Raymond instinctively raises the pistol, but Captain Chopra waves him away.
“Impressive, general,” he compliments her technique, straightening his shirt. “You’ll do well in prison.” He throws a round-house kick of his own, to push her back, which is followed by a back kick which Fran deflects and a driving punch, which she does not. The hit sends her backwards against the desk, her nose bleeding. She seems only slightly stunned and charges with a flurry of striking fists that Jim’s defensive maneuvers seem designed to block at every jab. There is frustration in Fran’s expression, Raymond notes.
She brings up a knee next, and Jim deflects it with his shin as the flurry of punches continue to come at him. He finally manages to grab a wrist and turn it but Fran uses his own weight against him, turning herself in the air to lessen the grip, then firing a hard fist to the side of Jim’s face. This staggers him a moment, but not long enough that he can’t retaliate with a kick to her midsection which clearly winds her.
Fran hurries backward, braces herself against the floor to ceiling windows and launches another attack. She slips under the captain’s legs alarmingly, and rushes Raymond.
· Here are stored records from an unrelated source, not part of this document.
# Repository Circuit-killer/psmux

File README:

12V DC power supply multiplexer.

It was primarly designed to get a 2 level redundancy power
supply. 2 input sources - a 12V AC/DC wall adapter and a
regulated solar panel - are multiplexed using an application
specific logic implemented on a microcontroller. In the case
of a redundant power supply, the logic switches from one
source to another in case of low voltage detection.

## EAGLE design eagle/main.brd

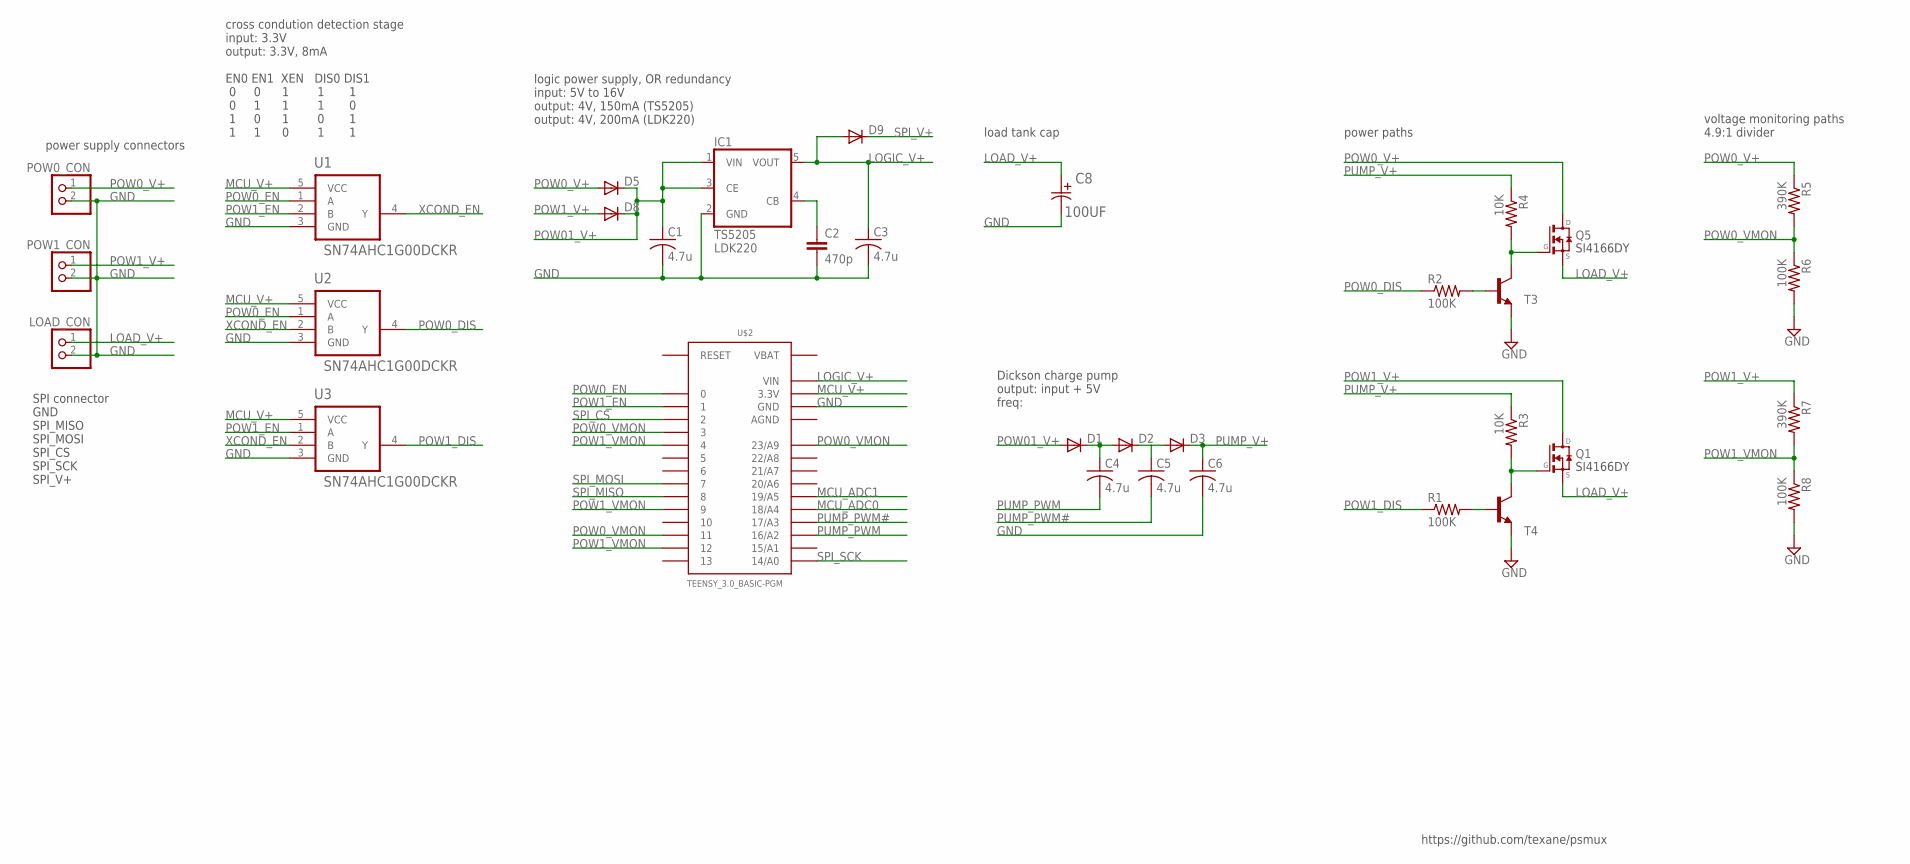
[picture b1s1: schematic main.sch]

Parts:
C1, C3, C4, C5, C6: 4.7u; C1210K
C2: 470p; C0805K
C8: 100UF; CAPAE660X800N
D1, D2, D3, D5, D8, D9: DIODE-DO214AC; DO214AC
IC1: TS5205; SOT25
LOAD_CON: PINHD-1X2; 1X02
POW0_CON, POW1_CON: PINHD-1X2; 1X02
Q1, Q5: SI4840DY; SO08-E3
R1, R2, R6, R8: 100K; M0805
R3, R4: 10K; M0805
R5, R7: 390K; M0805
T3, T4: BC817-40-NPN-SOT23-BEC; SOT23-BEC
U1, U2, U3: SN74AHC1G00DCKR; SOT65P210X110-5N
U$2: TEENSY_3.0_BASIC-PGM

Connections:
AGND: U$2.AGND
GND: C1.2, C2.2, C3.2, C6.2, C8.2, IC1.2 (GND), LOAD_CON.2, POW0_CON.2, POW1_CON.2, R6.2, R8.2, T3.E, T4.E, U1.3 (GND), U2.3 (GND), U3.3 (GND), U$2.GND, U$2.GND1 (GND)
LOAD_V+: C8.1, LOAD_CON.1, Q1.1-3 (S), Q5.1-3 (S)
LOGIC_V+: C3.1, D9.A, IC1.5 (VOUT), U$2.VIN
MCU_ADC0: U$2.18/A4
MCU_ADC1: U$2.19/A5
MCU_V+: U1.5 (VCC), U2.5 (VCC), U3.5 (VCC), U$2.3.3V, U$2.3.3V1 (3.3V)
unnamed: Q5.4 (G), R4.2, T3.C
unnamed: Q1.4 (G), R3.2, T4.C
unnamed: R1.2, T4.B
unnamed: C4.1, D1.C, D2.A
unnamed: C5.1, D2.C, D3.A
unnamed: R2.2, T3.B
unnamed: C2.1, IC1.4 (CB)
POW0_DIS: R2.1, U2.4 (Y)
POW0_EN: U1.1 (A), U2.1 (A), U$2.0
POW0_V+: D5.A, POW0_CON.1, Q5.5-8 (D), R5.1
POW0_VMON: R5.2, R6.1, U$2.3, U$2.11, U$2.23/A9
POW1_DIS: R1.1, U3.4 (Y)
POW1_EN: U1.2 (B), U3.1 (A), U$2.1
POW01_V+: C1.1, D1.A, D5.C, D8.C, IC1.1 (VIN), IC1.3 (CE)
POW1_V+: D8.A, POW1_CON.1, Q1.5-8 (D), R7.1
POW1_VMON: R7.2, R8.1, U$2.4, U$2.9, U$2.12
PUMP_PWM: C4.2, U$2.16/A2
PUMP_PWM#: C5.2, U$2.17/A3
PUMP_V+: C6.1, D3.C, R3.1, R4.1
SPI_CS: U$2.2
SPI_MISO: U$2.8
SPI_MOSI: U$2.7
SPI_SCK: U$2.14/A0
SPI_V+: D9.C
VBAT: U$2.VBAT
XCOND_EN: U1.4 (Y), U2.2 (B), U3.2 (B)

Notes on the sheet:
cross condution detection stage input: 3.3V output: 3.3V, 8mA EN0 EN1 XEN DIS0 DIS1 0 0 1 1 1 0 1 1 1 0 1 0 1 0 1 1 1 0 1 1
power supply connectors
logic power supply, OR redundancy input: 5V to 16V output: 4V, 150mA (TS5205) output: 4V, 200mA (LDK220)
load tank cap
Dickson charge pump output: input + 5V freq:
power paths
voltage monitoring paths 4.9:1 divider
SPI connector GND SPI_MISO SPI_MOSI SPI_CS SPI_SCK SPI_V+
SI4166DY
TS5205 LDK220
https://github.com/texane/psmux

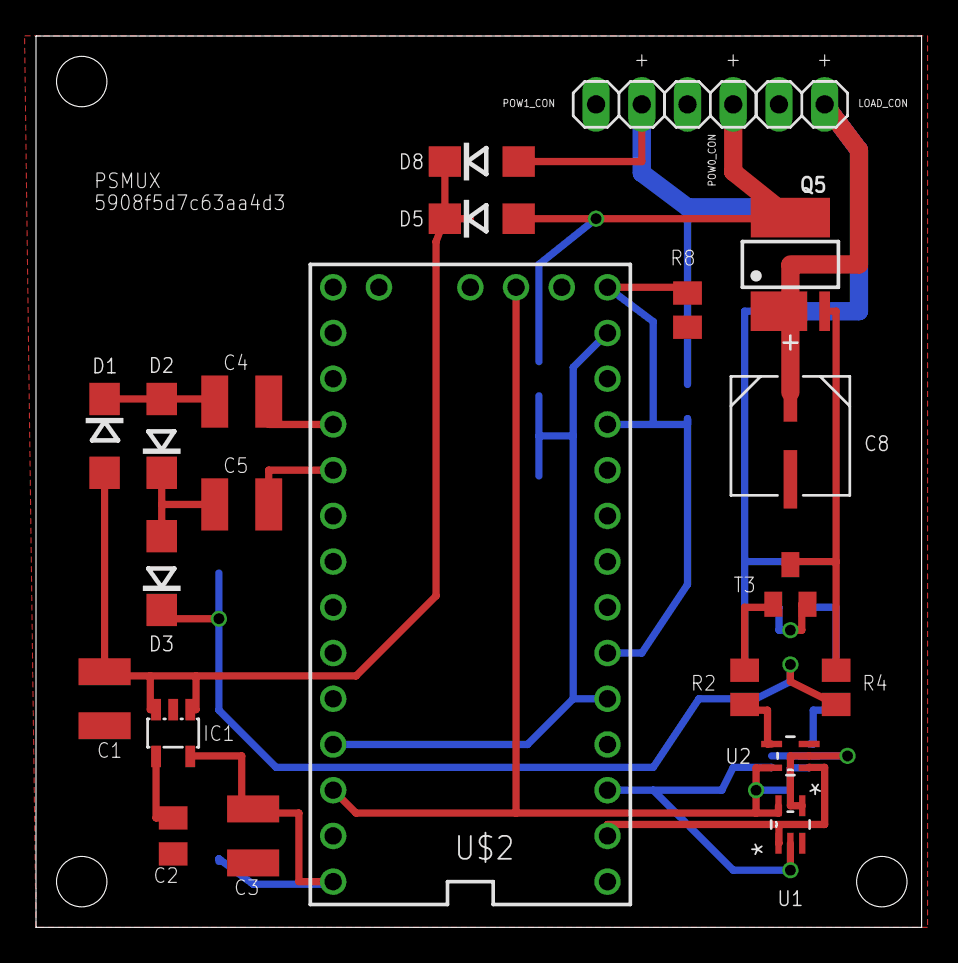
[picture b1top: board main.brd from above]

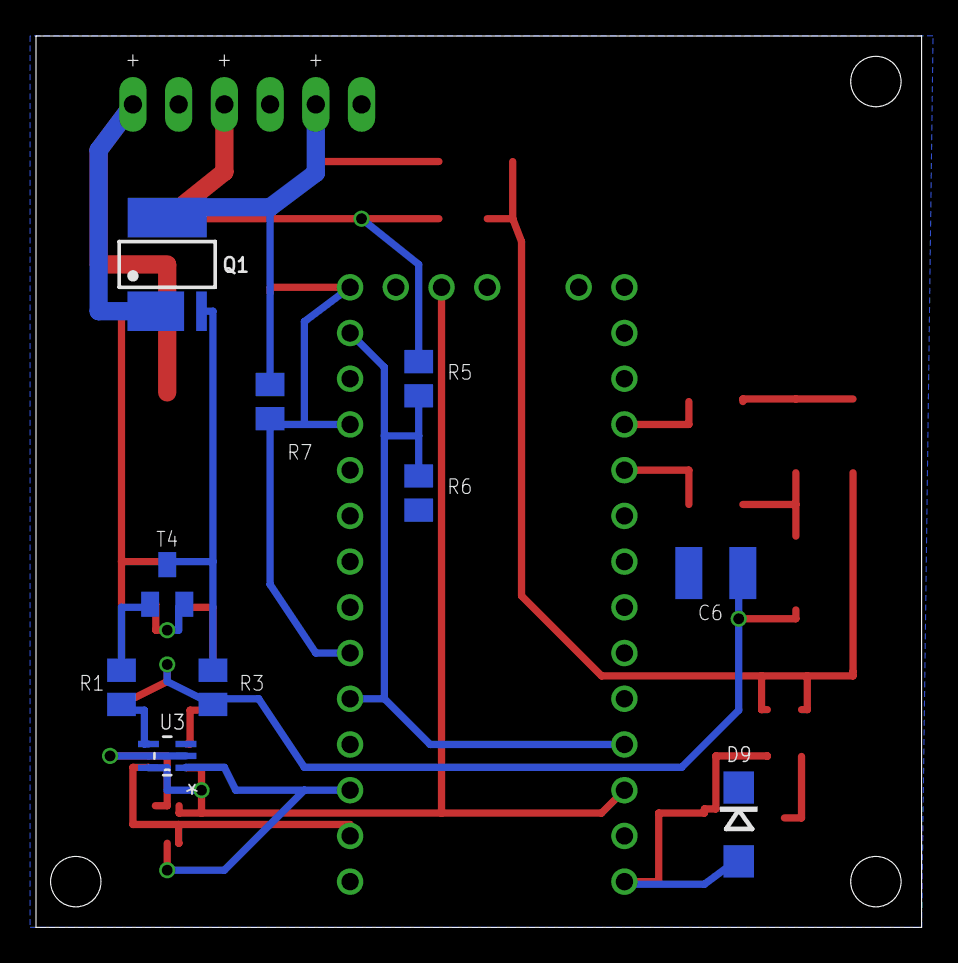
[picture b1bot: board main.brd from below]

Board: 2 copper layers, 49.2 x 49.5 mm, 33 parts (10 on the bottom side), 24 nets.

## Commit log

2015-06-08 add doc eagle spice
2015-06-08 update schematic
2015-06-08 add teensy eagle library
2015-06-08 add main.bom
2015-06-08 update schematics
2015-06-08 PWM#
2015-06-08 add TI-OPA340NA_250\@E/TI-OPA340NA_250.lbr
2015-06-08 add TI-OPA2340UA\@E/TI-OPA2340UA.lbr
2015-06-09 add src
2015-06-09 use 35,36 for FTM1_CH{0,1}
2015-06-10 disable clocking or counter not loaded
2015-06-10 pwm_freq_to_counter
2015-06-12 add board
2015-06-12 add Panasonic-EEEFK_EEEFP.lbr
2015-06-12 schottky diodes
2015-06-12 update board
2015-06-13 routing
2015-06-13 set PWM_FREQ to 50KHz
2015-06-13 add 2.2UF and ceramic caps
2015-06-13 update routing
2015-06-20 power terminals
2015-06-20 add README
2015-06-20 silkscreen
2015-06-20 frame
2015-06-20 add seeedstudio files
2015-06-20 remove schematics TODO

The gun comes up again and Raymond pulls its trigger. His first shot is a big miss. He fires again and again until Fran is on him, her hands crushing his windpipe. She stares into his eyes, her green on his blue, blood dripping onto his face from her broken nose. Sudden confusion enters those green eyes, and she convulses, producing a torrid of blood from her mouth falling onto his neck, as she relaxes her grip. Next, her body is torn away and thrown backward by Captain Chopra, Raymond rises, hands on his throat. Fran heaves on the floor, each successful breath seemingly excruciating.
“It’s better then you deserve,” Chopra announces to her writhing frame. “You should have lived a long life
of regret, instead you’ve stolen that from all of us. You’re a pitiful woman.”
Raymond stands and falls to Fran’s side, realising he had hit her twice in the chest. She gulps for air through the blood building in her throat, and the chancellor attempts to stop the bubbling blood from escaping her body with his hands. He places a finger at a pulse point. Her heart pounds fast, all the blood pumping onto the floor. Then, very suddenly, her pulse slows. “Can we save her?”
“No,” Jim tells him. “Nothing can be done.” He sounds cheated, and he was. They all were.
Fran’s legs stretch and retract with the pain, and the anxiety she must be feeling. Bubbles form in her mouth as she attempts to speak. Nothing is forthcoming. Her eyes scream something at him, but if she dies, he’ll never learn exactly what that something is.
“Rest, Fran,” he tells her, placing a hand on her head. “Rest,” he feels traumatised by the scene. He has never shot someone before. “Is there nothing we can do!?” he cries up to Jim.